**Task details**
Your task is to transcribe all of the data below exactly, omitting the images.

- Opening Delimiter -

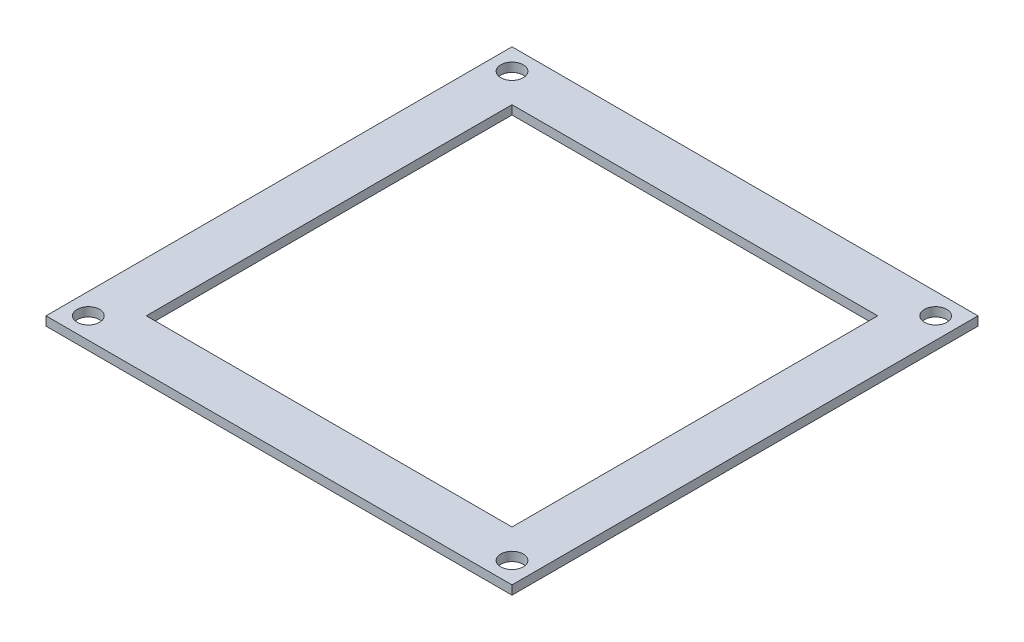
SolidWorks part; units mm, degrees
ref_plane "Front Plane" through (0, 0, 0) normal (0, 0, 1) x (1, 0, 0)
ref_plane "Top Plane" through (0, 0, 0) normal (0, 1, 0) x (1, 0, 0)
ref_plane "Right Plane" through (0, 0, 0) normal (1, 0, 0) x (0, 0, -1)
sketch "Sketch1" plane through (0, 0, 0) normal (0, 1, 0) x (1, 0, 0)
  line L1 (-30, 30) -> (30, 30) construction
  line L2 (-30, 30) -> (-30, -30) construction
  line L3 (-30, -30) -> (30, -30) construction
  line L4 (30, 30) -> (30, -30) construction
  line L5 (0, -30) -> (0, 30) construction
  line L6 (-30, 0) -> (30, 0) construction
  line L7 (-25.9, 25.9) -> (25.9, 25.9)
  line L8 (-25.9, 25.9) -> (-25.9, -25.9)
  line L9 (-25.9, -25.9) -> (25.9, -25.9)
  line L10 (25.9, 25.9) -> (25.9, -25.9)
  line L11 (0, -25.9) -> (0, 25.9) construction
  line L12 (-25.9, 0) -> (25.9, 0) construction
  line L13 (-33, 33) -> (33, 33)
  line L14 (-33, 33) -> (-33, -33)
  line L15 (-33, -33) -> (33, -33)
  line L16 (33, 33) -> (33, -33)
  line L17 (0, -33) -> (0, 33) construction
  line L18 (-33, 0) -> (33, 0) construction
  circle A0 centre (-30, 30) radius 1.59
  circle A1 centre (30, 30) radius 1.59
  circle A2 centre (30, -30) radius 1.59
  circle A3 centre (-30, -30) radius 1.59
  point P0 (0, 0)
  point P9 (0, 0)
  point P13 (0, 0)
  dimension "D1" = 3.18
  dimension "D2" = 60
  dimension "D3" = 51.8
  dimension "D4" = 3
  dimension "D5" = 3
  dimension "D6" = 66
extrude "Boss-Extrude1" add sketch "Sketch1" along normal blind 1.27
equation "\"Lens_dim\"= 50.8"
equation "\"D3@Sketch1\"=\"Lens_dim\" +0.5*2"
equation "\"D5@Sketch1\"=\"D4@Sketch1\""
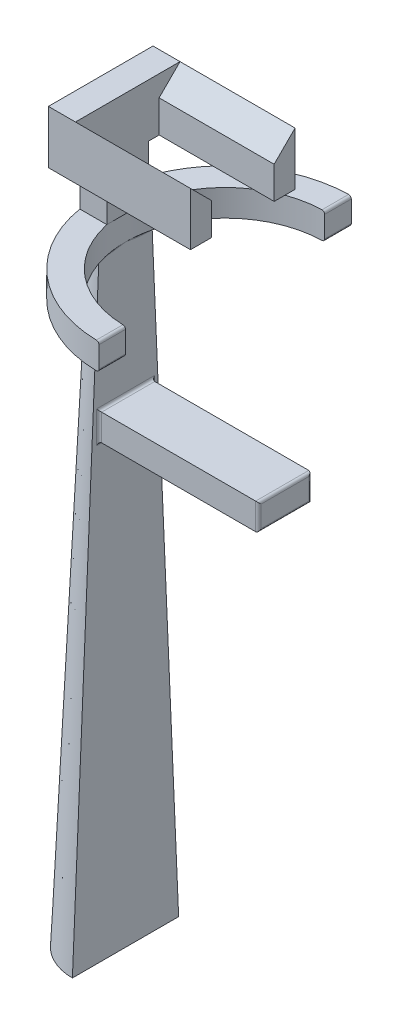
SolidWorks part; units mm, degrees
ref_plane "Front Plane" through (0, 0, 0) normal (0, 0, 1) x (1, 0, 0)
ref_plane "Top Plane" through (0, 0, 0) normal (0, 1, 0) x (1, 0, 0)
ref_plane "Right Plane" through (0, 0, 0) normal (1, 0, 0) x (0, 0, -1)
sketch "Sketch1" plane through (0, 0, 0) normal (0, 1, 0) x (0, 0, -1)
  line L0 (-120.65, 0) -> (120.65, 0)
  arc A0 (95.25, 0) -> (-95.25, 0) centre (0, 0) ccw
  arc A1 (120.65, 0) -> (-120.65, 0) centre (0, 0) ccw
  dimension "D1" = 190.5
  dimension "D2" = 241.3
extrude "Boss-Extrude1" add sketch "Sketch1" along normal blind 25.4 contours L0 A1 A0 region at (-117.9522, 0, 0)
sketch "Sketch4" plane through (0, 0, 0) normal (0, 0, 1) x (1, 0, 0)
  line L0 (-95.25, 0) -> (-120.65, 0)
  line L2 (-146.05, -584.2) -> (-95.25, -584.2)
  line L4 (-95.25, 0) -> (-95.25, -584.2)
  line L5 (-120.65, 0) -> (-146.05, -584.2)
  dimension "D1" = 50.8
  dimension "D2" = 584.2
revolve "Revolve1" add sketch "Sketch4" angle 180 mid plane about L4
sketch "Sketch5" plane through (-95.25, 0, 0) normal (1, 0, 0) x (0, 0, -1)
  line L0 (-95.25, 0) -> (0, 0) construction
  line L1 (-25.4, -127) -> (25.4, -127)
  line L2 (-25.4, -127) -> (-25.4, -152.4)
  line L3 (-25.4, -152.4) -> (25.4, -152.4)
  line L4 (25.4, -127) -> (25.4, -152.4)
  point P7 (0, -127)
  dimension "D1" = 127
  dimension "D2" = 50.8
  dimension "D3" = 25.4
extrude "Boss-Extrude3" add sketch "Sketch5" along normal blind 152.4
fillet "Fillet1" radius 2.54 4 edges at (-95.25, -152.4, 0) (-95.25, -139.7, -25.4) (-95.25, -139.7, 25.4) (-95.25, -127, 0)
fillet "Fillet2" radius 2.54 4 edges at (57.15, -139.7, -25.4) (57.15, -152.4, 0) (57.15, -139.7, 25.4) (57.15, -127, 0)
fillet "Fillet5" radius 2.54 2 edges at (-95.25, 0, 12.7) (-95.25, 0, -12.7)
fillet "Fillet6" radius 2.54 4 edges at (0, 0, -107.95) (0, 25.4, -107.95) (0, 0, 107.95) (0, 25.4, 107.95)
sketch "Sketch6" plane through (0, 25.4, 0) normal (0, 1, 0) x (1, 0, 0)
  line L0 (-120.65, 0) -> (54.61, 0) construction
  line L1 (54.61, -25.4) -> (54.61, 25.4) construction
  line L3 (-118.9808, 20) -> (-93.1266, 20)
  line L4 (-118.9808, 20) -> (-118.9808, -20)
  line L5 (-118.9808, -20) -> (-93.1266, -20)
  line L6 (-93.1266, 20) -> (-93.1266, -20)
  arc A0 (-2.54, 120.6233) -> (-2.54, -120.6233) centre (0, 0) ccw construction
  arc A1 (-2.54, 95.2161) -> (-2.54, -95.2161) centre (0, 0) ccw construction
  dimension "D1" = 20
  dimension "D2" = 20
extrude "Boss-Extrude4" add sketch "Sketch6" along normal blind 100
sketch "Sketch8" plane through (0, 0, -20) normal (0, 0, -1) x (-1, 0, 0)
  line L0 (118.9808, 125.4) -> (118.9808, 25.4) construction
  line L1 (93.1266, 125.4) -> (118.9808, 125.4)
  line L2 (93.1266, 125.4) -> (93.1266, 74.6)
  line L3 (93.1266, 74.6) -> (118.9808, 74.6)
  line L4 (118.9808, 125.4) -> (118.9808, 74.6)
  dimension "D1" = 50.8
extrude "Boss-Extrude5" add sketch "Sketch8" along normal blind 30.0101
sketch "Sketch9" plane through (0, 0, 20) normal (0, 0, 1) x (1, 0, 0)
  line L0 (-93.1266, 125.4) -> (-93.1266, 25.4) construction
  line L1 (-118.9808, 125.4) -> (-93.1266, 125.4)
  line L2 (-118.9808, 125.4) -> (-118.9808, 74.6)
  line L3 (-118.9808, 74.6) -> (-93.1266, 74.6)
  line L4 (-93.1266, 125.4) -> (-93.1266, 74.6)
  dimension "D1" = 50.8
extrude "Boss-Extrude6" add sketch "Sketch9" along normal blind 30.0101
sketch "Sketch11" plane through (-93.1266, 0, 0) normal (1, 0, 0) x (0, 0, -1)
  line L0 (30.0101, 105.4) -> (30.0101, 74.6)
  line L7 (50.0101, 125.4) -> (30.0101, 105.4)
  line L8 (50.0101, 74.6) -> (20, 74.6) construction
  line L9 (30.0101, 74.6) -> (50.0101, 74.6)
  line L10 (50.0101, 74.6) -> (50.0101, 125.4)
extrude "Boss-Extrude7" add sketch "Sketch11" along normal blind 110
sketch "Sketch12" plane through (-93.1266, 0, 0) normal (1, 0, 0) x (0, 0, -1)
  line L0 (-30.0101, 105.4) -> (-30.0101, 74.6)
  line L7 (-50.0101, 125.4) -> (-30.0101, 105.4)
  line L8 (-50.0101, 74.6) -> (-20, 74.6) construction
  line L9 (-30.0101, 74.6) -> (-50.0101, 74.6)
  line L10 (-50.0101, 74.6) -> (-50.0101, 125.4)
extrude "Boss-Extrude8" add sketch "Sketch12" along normal blind 110

- Closing Delimiter -

**Written solution**
SolidWorks part; units mm, degrees
ref_plane "Front Plane" through (0, 0, 0) normal (0, 0, 1) x (1, 0, 0)
ref_plane "Top Plane" through (0, 0, 0) normal (0, 1, 0) x (1, 0, 0)
ref_plane "Right Plane" through (0, 0, 0) normal (1, 0, 0) x (0, 0, -1)
sketch "Sketch1" plane through (0, 0, 0) normal (0, 1, 0) x (1, 0, 0)
  line L1 (-30, 30) -> (30, 30) construction
  line L2 (-30, 30) -> (-30, -30) construction
  line L3 (-30, -30) -> (30, -30) construction
  line L4 (30, 30) -> (30, -30) construction
  line L5 (0, -30) -> (0, 30) construction
  line L6 (-30, 0) -> (30, 0) construction
  line L7 (-25.9, 25.9) -> (25.9, 25.9)
  line L8 (-25.9, 25.9) -> (-25.9, -25.9)
  line L9 (-25.9, -25.9) -> (25.9, -25.9)
  line L10 (25.9, 25.9) -> (25.9, -25.9)
  line L11 (0, -25.9) -> (0, 25.9) construction
  line L12 (-25.9, 0) -> (25.9, 0) construction
  line L13 (-33, 33) -> (33, 33)
  line L14 (-33, 33) -> (-33, -33)
  line L15 (-33, -33) -> (33, -33)
  line L16 (33, 33) -> (33, -33)
  line L17 (0, -33) -> (0, 33) construction
  line L18 (-33, 0) -> (33, 0) construction
  circle A0 centre (-30, 30) radius 1.59
  circle A1 centre (30, 30) radius 1.59
  circle A2 centre (30, -30) radius 1.59
  circle A3 centre (-30, -30) radius 1.59
  point P0 (0, 0)
  point P9 (0, 0)
  point P13 (0, 0)
  dimension "D1" = 3.18
  dimension "D2" = 60
  dimension "D3" = 51.8
  dimension "D4" = 3
  dimension "D5" = 3
  dimension "D6" = 66
extrude "Boss-Extrude1" add sketch "Sketch1" along normal blind 1.27
equation "\"Lens_dim\"= 50.8"
equation "\"D3@Sketch1\"=\"Lens_dim\" +0.5*2"
equation "\"D5@Sketch1\"=\"D4@Sketch1\""
SolidWorks part; units mm, degrees
ref_plane "Front Plane" through (0, 0, 0) normal (0, 0, 1) x (1, 0, 0)
ref_plane "Top Plane" through (0, 0, 0) normal (0, 1, 0) x (1, 0, 0)
ref_plane "Right Plane" through (0, 0, 0) normal (1, 0, 0) x (0, 0, -1)
sketch "Sketch1" plane through (0, 0, 0) normal (0, 1, 0) x (0, 0, -1)
  line L0 (-120.65, 0) -> (120.65, 0)
  arc A0 (95.25, 0) -> (-95.25, 0) centre (0, 0) ccw
  arc A1 (120.65, 0) -> (-120.65, 0) centre (0, 0) ccw
  dimension "D1" = 190.5
  dimension "D2" = 241.3
extrude "Boss-Extrude1" add sketch "Sketch1" along normal blind 25.4 contours L0 A1 A0 region at (-117.9522, 0, 0)
sketch "Sketch4" plane through (0, 0, 0) normal (0, 0, 1) x (1, 0, 0)
  line L0 (-95.25, 0) -> (-120.65, 0)
  line L2 (-146.05, -584.2) -> (-95.25, -584.2)
  line L4 (-95.25, 0) -> (-95.25, -584.2)
  line L5 (-120.65, 0) -> (-146.05, -584.2)
  dimension "D1" = 50.8
  dimension "D2" = 584.2
revolve "Revolve1" add sketch "Sketch4" angle 180 mid plane about L4
sketch "Sketch5" plane through (-95.25, 0, 0) normal (1, 0, 0) x (0, 0, -1)
  line L0 (-95.25, 0) -> (0, 0) construction
  line L1 (-25.4, -127) -> (25.4, -127)
  line L2 (-25.4, -127) -> (-25.4, -152.4)
  line L3 (-25.4, -152.4) -> (25.4, -152.4)
  line L4 (25.4, -127) -> (25.4, -152.4)
  point P7 (0, -127)
  dimension "D1" = 127
  dimension "D2" = 50.8
  dimension "D3" = 25.4
extrude "Boss-Extrude3" add sketch "Sketch5" along normal blind 152.4
fillet "Fillet1" radius 2.54 4 edges at (-95.25, -152.4, 0) (-95.25, -139.7, -25.4) (-95.25, -139.7, 25.4) (-95.25, -127, 0)
fillet "Fillet2" radius 2.54 4 edges at (57.15, -139.7, -25.4) (57.15, -152.4, 0) (57.15, -139.7, 25.4) (57.15, -127, 0)
fillet "Fillet5" radius 2.54 2 edges at (-95.25, 0, 12.7) (-95.25, 0, -12.7)
fillet "Fillet6" radius 2.54 4 edges at (0, 0, -107.95) (0, 25.4, -107.95) (0, 0, 107.95) (0, 25.4, 107.95)
sketch "Sketch6" plane through (0, 25.4, 0) normal (0, 1, 0) x (1, 0, 0)
  line L0 (-120.65, 0) -> (54.61, 0) construction
  line L1 (54.61, -25.4) -> (54.61, 25.4) construction
  line L3 (-118.9808, 20) -> (-93.1266, 20)
  line L4 (-118.9808, 20) -> (-118.9808, -20)
  line L5 (-118.9808, -20) -> (-93.1266, -20)
  line L6 (-93.1266, 20) -> (-93.1266, -20)
  arc A0 (-2.54, 120.6233) -> (-2.54, -120.6233) centre (0, 0) ccw construction
  arc A1 (-2.54, 95.2161) -> (-2.54, -95.2161) centre (0, 0) ccw construction
  dimension "D1" = 20
  dimension "D2" = 20
extrude "Boss-Extrude4" add sketch "Sketch6" along normal blind 100
sketch "Sketch8" plane through (0, 0, -20) normal (0, 0, -1) x (-1, 0, 0)
  line L0 (118.9808, 125.4) -> (118.9808, 25.4) construction
  line L1 (93.1266, 125.4) -> (118.9808, 125.4)
  line L2 (93.1266, 125.4) -> (93.1266, 74.6)
  line L3 (93.1266, 74.6) -> (118.9808, 74.6)
  line L4 (118.9808, 125.4) -> (118.9808, 74.6)
  dimension "D1" = 50.8
extrude "Boss-Extrude5" add sketch "Sketch8" along normal blind 30.0101
sketch "Sketch9" plane through (0, 0, 20) normal (0, 0, 1) x (1, 0, 0)
  line L0 (-93.1266, 125.4) -> (-93.1266, 25.4) construction
  line L1 (-118.9808, 125.4) -> (-93.1266, 125.4)
  line L2 (-118.9808, 125.4) -> (-118.9808, 74.6)
  line L3 (-118.9808, 74.6) -> (-93.1266, 74.6)
  line L4 (-93.1266, 125.4) -> (-93.1266, 74.6)
  dimension "D1" = 50.8
extrude "Boss-Extrude6" add sketch "Sketch9" along normal blind 30.0101
sketch "Sketch11" plane through (-93.1266, 0, 0) normal (1, 0, 0) x (0, 0, -1)
  line L0 (30.0101, 105.4) -> (30.0101, 74.6)
  line L7 (50.0101, 125.4) -> (30.0101, 105.4)
  line L8 (50.0101, 74.6) -> (20, 74.6) construction
  line L9 (30.0101, 74.6) -> (50.0101, 74.6)
  line L10 (50.0101, 74.6) -> (50.0101, 125.4)
extrude "Boss-Extrude7" add sketch "Sketch11" along normal blind 110
sketch "Sketch12" plane through (-93.1266, 0, 0) normal (1, 0, 0) x (0, 0, -1)
  line L0 (-30.0101, 105.4) -> (-30.0101, 74.6)
  line L7 (-50.0101, 125.4) -> (-30.0101, 105.4)
  line L8 (-50.0101, 74.6) -> (-20, 74.6) construction
  line L9 (-30.0101, 74.6) -> (-50.0101, 74.6)
  line L10 (-50.0101, 74.6) -> (-50.0101, 125.4)
extrude "Boss-Extrude8" add sketch "Sketch12" along normal blind 110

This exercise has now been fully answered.